Em uma operação logística complexa, a filosofia de outsourcing ou terceirização de gestão, que delega a provedores especializados a movimentação de mercadoria, é muito utilizada devido a este processo não fazer parte do negócio central (core bussiness) da empresa, sendo a acuracidade de estoque um importante driver para a cobrança de multas contratuais do depositante (contratante) ao operador logístico (contratado). Este acordo é denominado Service Level Agreement (SLA) ou acordo sobre o nível de serviço, que analisa a qualidade da operação e vincula ao contrato de terceirização.

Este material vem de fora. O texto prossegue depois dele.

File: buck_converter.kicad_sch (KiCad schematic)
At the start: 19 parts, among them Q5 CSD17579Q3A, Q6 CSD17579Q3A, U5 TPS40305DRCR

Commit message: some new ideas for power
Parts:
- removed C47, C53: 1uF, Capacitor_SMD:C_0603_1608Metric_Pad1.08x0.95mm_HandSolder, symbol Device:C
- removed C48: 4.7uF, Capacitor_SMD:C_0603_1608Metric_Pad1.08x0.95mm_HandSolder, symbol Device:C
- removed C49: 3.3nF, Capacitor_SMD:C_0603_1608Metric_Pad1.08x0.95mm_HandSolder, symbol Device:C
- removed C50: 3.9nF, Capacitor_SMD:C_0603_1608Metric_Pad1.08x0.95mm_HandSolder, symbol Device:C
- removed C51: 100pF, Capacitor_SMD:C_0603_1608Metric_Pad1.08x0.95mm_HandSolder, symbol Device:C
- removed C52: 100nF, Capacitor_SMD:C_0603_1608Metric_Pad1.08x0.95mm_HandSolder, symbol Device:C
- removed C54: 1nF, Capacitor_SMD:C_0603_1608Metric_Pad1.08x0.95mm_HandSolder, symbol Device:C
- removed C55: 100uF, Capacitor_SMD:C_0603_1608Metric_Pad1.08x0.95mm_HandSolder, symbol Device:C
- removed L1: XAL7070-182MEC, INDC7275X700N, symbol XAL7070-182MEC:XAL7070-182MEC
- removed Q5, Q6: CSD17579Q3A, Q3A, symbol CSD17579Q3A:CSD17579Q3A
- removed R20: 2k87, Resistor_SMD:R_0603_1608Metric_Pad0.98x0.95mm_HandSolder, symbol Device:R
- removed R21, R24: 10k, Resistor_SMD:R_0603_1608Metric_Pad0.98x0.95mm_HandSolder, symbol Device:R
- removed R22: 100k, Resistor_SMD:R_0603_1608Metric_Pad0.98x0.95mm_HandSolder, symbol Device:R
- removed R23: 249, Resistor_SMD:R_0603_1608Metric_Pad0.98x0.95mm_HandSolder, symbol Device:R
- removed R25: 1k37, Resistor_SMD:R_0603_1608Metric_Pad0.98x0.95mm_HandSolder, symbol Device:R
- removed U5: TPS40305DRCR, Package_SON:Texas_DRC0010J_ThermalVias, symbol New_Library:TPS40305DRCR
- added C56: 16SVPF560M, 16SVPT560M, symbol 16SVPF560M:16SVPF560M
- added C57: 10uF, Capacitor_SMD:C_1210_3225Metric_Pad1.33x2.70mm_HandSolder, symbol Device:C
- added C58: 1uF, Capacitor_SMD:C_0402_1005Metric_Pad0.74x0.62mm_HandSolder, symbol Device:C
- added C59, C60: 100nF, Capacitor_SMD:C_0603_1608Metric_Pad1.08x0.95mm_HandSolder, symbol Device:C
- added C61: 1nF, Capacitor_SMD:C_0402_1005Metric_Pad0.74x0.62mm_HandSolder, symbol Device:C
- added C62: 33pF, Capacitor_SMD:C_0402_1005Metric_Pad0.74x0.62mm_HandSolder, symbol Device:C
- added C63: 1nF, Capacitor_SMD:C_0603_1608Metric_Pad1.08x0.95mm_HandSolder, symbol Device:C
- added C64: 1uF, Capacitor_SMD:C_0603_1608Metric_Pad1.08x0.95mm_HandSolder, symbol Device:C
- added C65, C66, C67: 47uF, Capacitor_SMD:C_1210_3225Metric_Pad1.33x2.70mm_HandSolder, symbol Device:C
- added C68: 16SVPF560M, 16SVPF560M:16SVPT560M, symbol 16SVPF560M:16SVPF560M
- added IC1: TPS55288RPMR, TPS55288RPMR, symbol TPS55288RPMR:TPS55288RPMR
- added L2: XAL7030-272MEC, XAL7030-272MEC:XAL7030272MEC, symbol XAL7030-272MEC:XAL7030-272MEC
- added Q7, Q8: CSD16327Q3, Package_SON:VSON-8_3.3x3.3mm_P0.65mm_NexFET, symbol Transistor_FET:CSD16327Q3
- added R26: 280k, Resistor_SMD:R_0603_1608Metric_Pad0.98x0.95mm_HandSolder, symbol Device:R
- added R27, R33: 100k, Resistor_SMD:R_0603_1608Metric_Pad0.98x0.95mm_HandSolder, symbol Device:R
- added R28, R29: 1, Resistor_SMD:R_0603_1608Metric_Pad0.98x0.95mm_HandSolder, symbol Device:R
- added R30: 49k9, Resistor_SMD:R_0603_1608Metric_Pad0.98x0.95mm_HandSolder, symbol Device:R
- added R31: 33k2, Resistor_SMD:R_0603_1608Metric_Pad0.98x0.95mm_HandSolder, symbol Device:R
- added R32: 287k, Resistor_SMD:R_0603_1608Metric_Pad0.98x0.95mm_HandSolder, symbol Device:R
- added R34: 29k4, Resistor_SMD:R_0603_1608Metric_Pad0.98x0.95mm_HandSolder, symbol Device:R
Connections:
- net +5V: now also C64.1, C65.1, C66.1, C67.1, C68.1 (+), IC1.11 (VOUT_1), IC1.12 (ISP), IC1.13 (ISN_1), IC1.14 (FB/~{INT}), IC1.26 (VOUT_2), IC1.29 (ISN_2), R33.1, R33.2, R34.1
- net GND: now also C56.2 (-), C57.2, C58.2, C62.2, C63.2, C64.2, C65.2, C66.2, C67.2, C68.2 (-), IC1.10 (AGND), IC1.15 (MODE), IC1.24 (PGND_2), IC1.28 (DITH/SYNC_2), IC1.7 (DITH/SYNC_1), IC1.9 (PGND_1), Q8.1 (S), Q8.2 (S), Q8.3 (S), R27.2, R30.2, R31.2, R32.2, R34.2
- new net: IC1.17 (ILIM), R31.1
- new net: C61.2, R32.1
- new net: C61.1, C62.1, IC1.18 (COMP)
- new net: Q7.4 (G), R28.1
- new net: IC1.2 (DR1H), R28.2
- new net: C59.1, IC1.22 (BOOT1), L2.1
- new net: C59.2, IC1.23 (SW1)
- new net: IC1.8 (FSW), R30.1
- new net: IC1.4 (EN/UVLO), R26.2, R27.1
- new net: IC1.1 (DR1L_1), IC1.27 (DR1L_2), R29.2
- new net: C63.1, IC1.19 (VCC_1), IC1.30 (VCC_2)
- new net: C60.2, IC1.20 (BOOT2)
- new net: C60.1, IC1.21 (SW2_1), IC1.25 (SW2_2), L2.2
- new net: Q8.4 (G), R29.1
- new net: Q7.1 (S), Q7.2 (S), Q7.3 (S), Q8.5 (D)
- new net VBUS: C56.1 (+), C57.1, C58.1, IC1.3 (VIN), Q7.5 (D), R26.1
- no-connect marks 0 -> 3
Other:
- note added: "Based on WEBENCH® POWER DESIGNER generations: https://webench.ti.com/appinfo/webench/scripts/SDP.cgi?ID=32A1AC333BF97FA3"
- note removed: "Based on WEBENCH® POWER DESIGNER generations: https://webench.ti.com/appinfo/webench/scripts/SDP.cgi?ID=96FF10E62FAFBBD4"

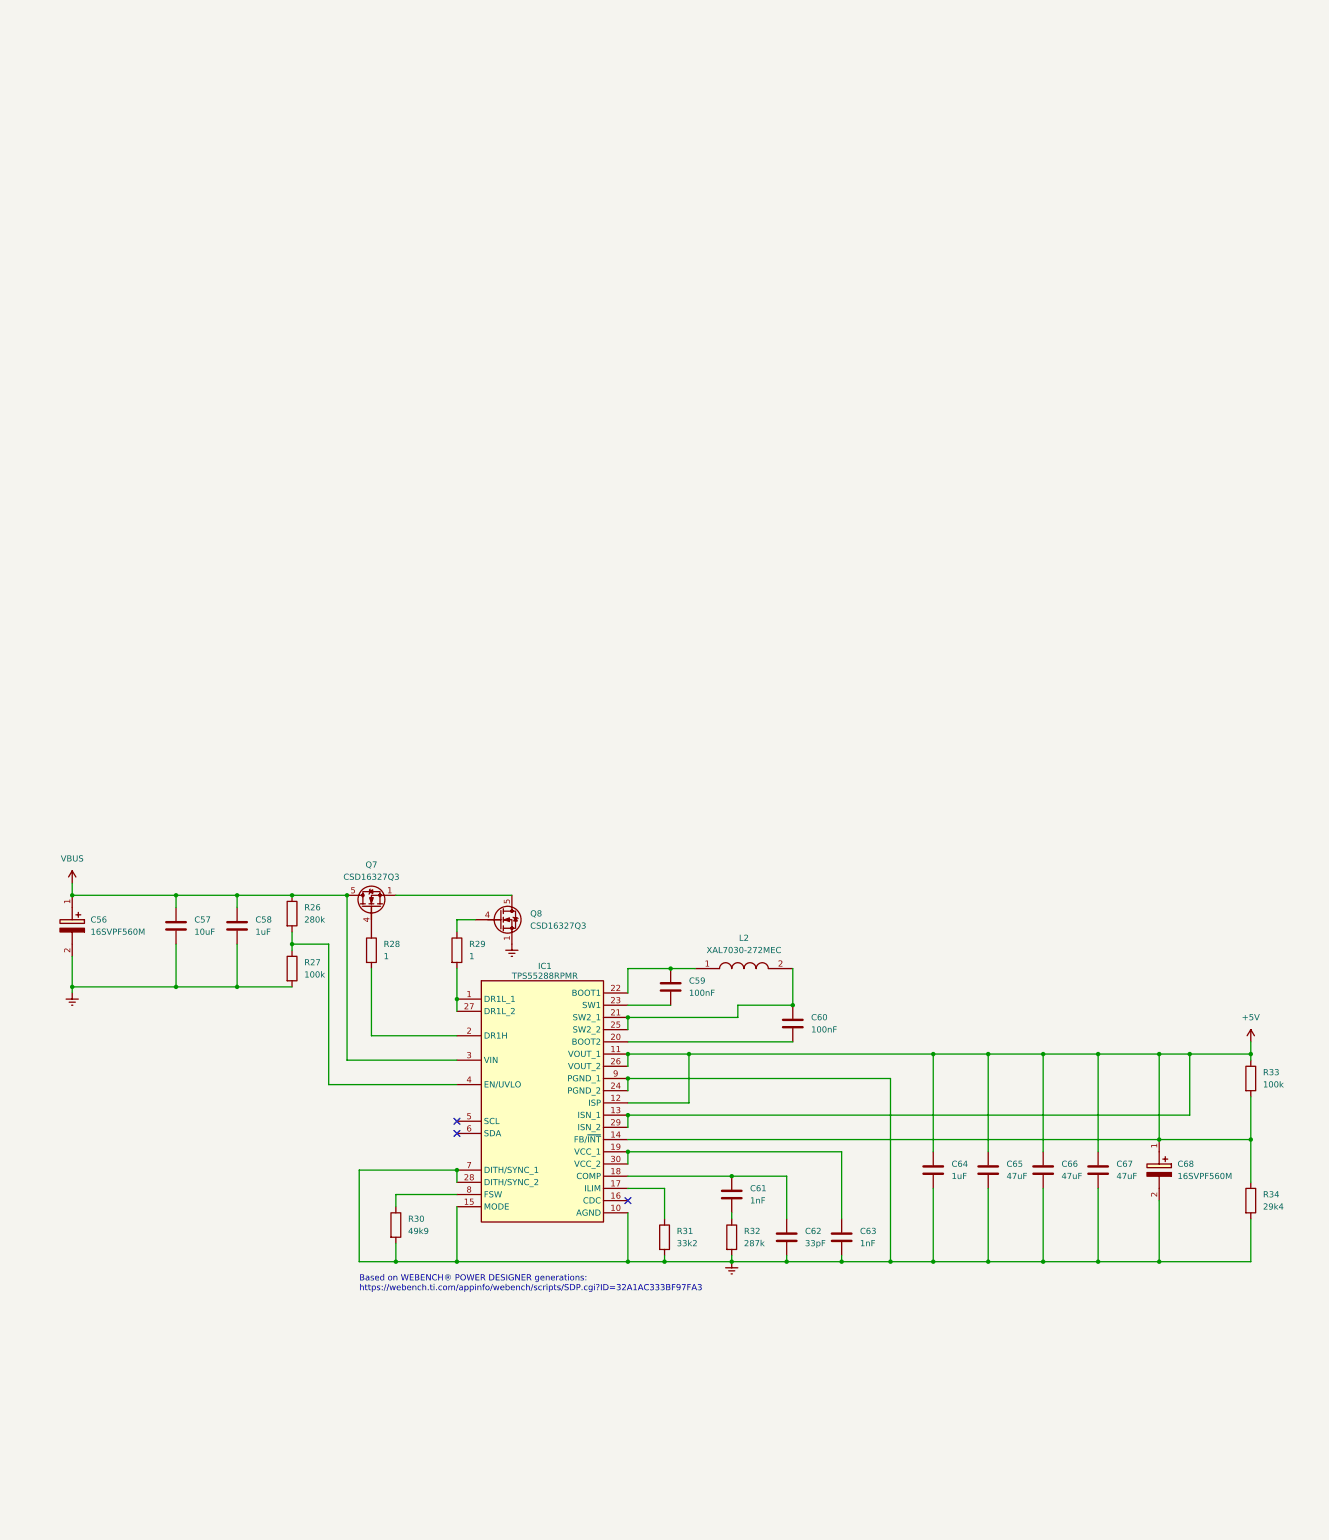
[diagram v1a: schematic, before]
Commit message: started new buck
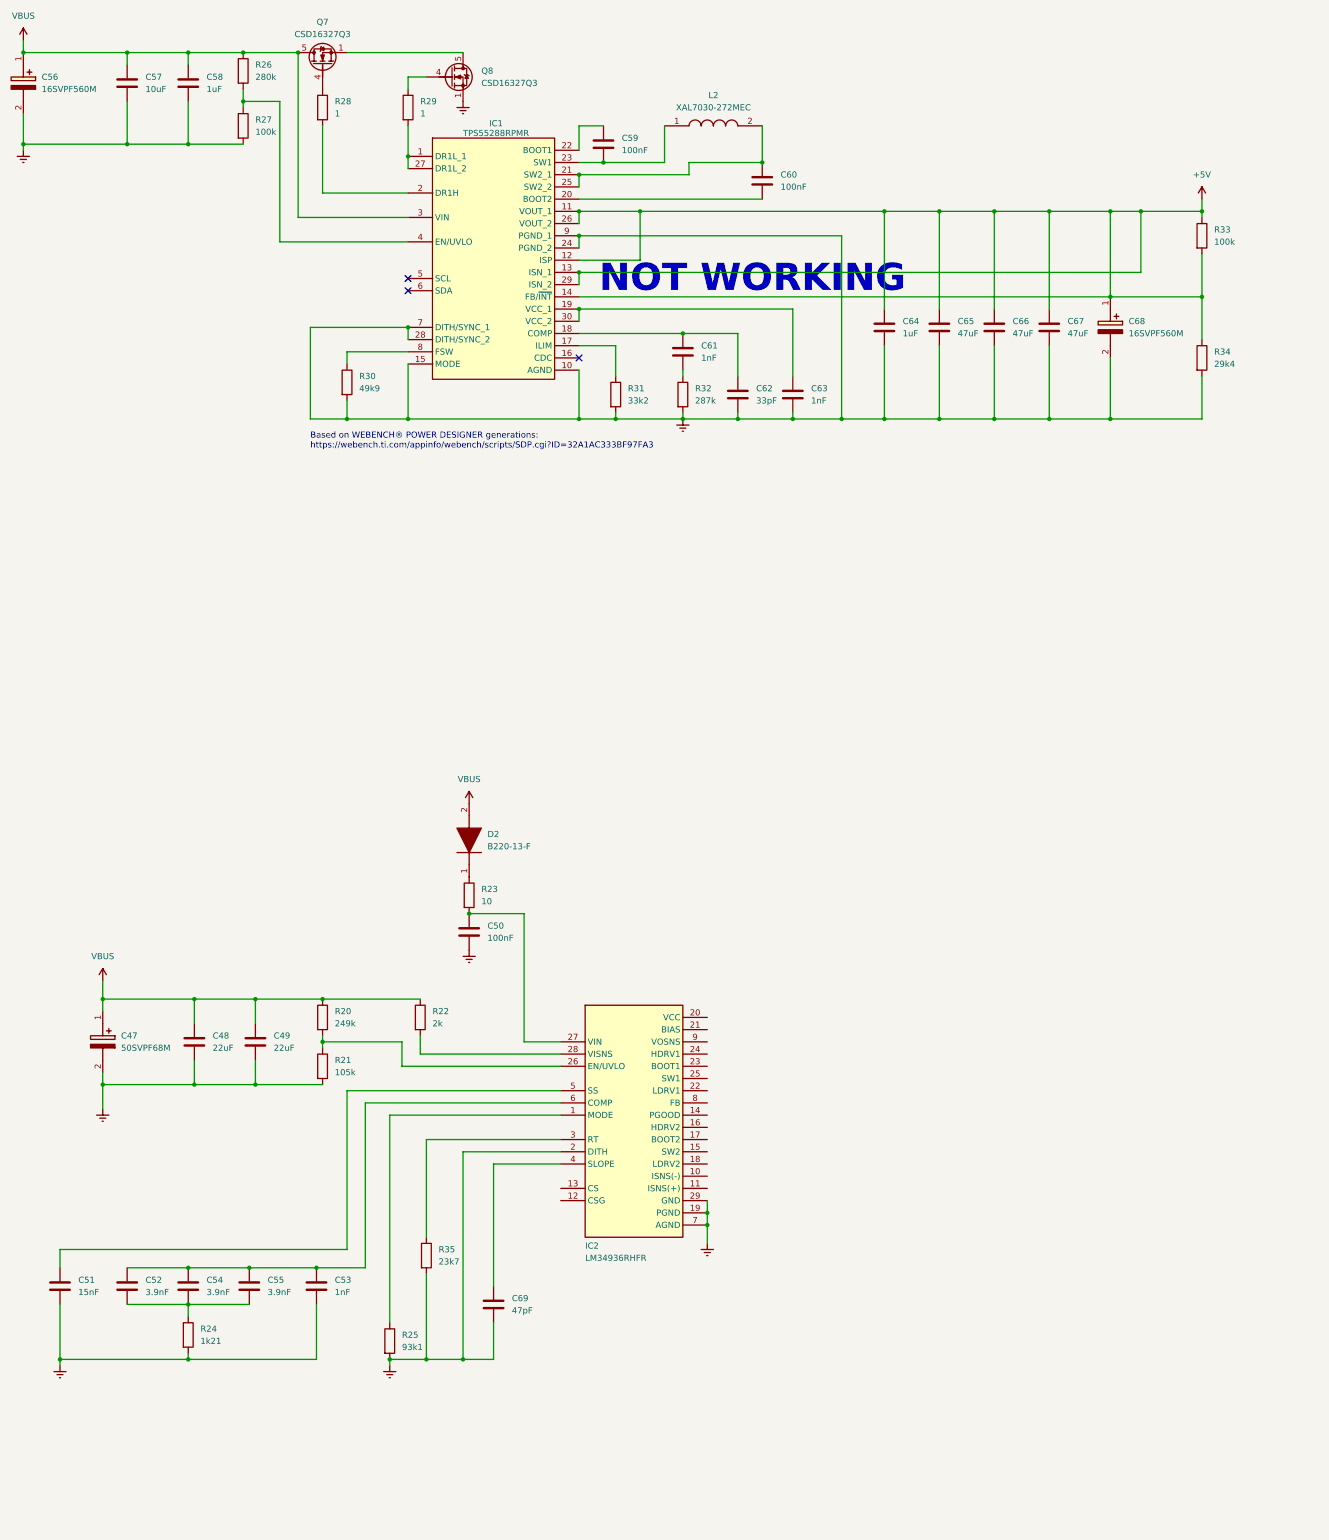
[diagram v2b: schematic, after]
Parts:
- added C47: 50SVPF68M, 50SVPF68M:16SVF1000M, symbol 50SVPF68M:50SVPF68M
- added C48, C49: 22uF, Inductor_SMD:L_1210_3225Metric_Pad1.42x2.65mm_HandSolder, symbol Device:C
- added C50: 100nF, Capacitor_SMD:C_0603_1608Metric_Pad1.08x0.95mm_HandSolder, symbol Device:C
- added C51: 15nF, Capacitor_SMD:C_0603_1608Metric_Pad1.08x0.95mm_HandSolder, symbol Device:C
- added C52, C54, C55: 3.9nF, Capacitor_SMD:C_0805_2012Metric_Pad1.18x1.45mm_HandSolder, symbol Device:C
- added C53: 1nF, Capacitor_SMD:C_0603_1608Metric_Pad1.08x0.95mm_HandSolder, symbol Device:C
- added C69: 47pF, Capacitor_SMD:C_0603_1608Metric_Pad1.08x0.95mm_HandSolder, symbol Device:C
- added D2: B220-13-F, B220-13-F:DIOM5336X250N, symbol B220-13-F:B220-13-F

Segundo pesquisa, o indicador de acuracidade do estoque atinge, em média, no Brasil, 95%, sendo que as melhores práticas de mercado têm índice de 99,95% em países como o Japão e os Estados Unidos da América (EUA).
A proposta deste artigo é demonstrar, com um estudo de caso (case), as ferramentas utilizadas no levantamento das causas, as tecnologias e as ações realizadas para elevar este importante indicador de desempenho às melhores práticas de mercado, tendo em vista as características específicas para a movimentação de medicamentos e produtos para a saúde.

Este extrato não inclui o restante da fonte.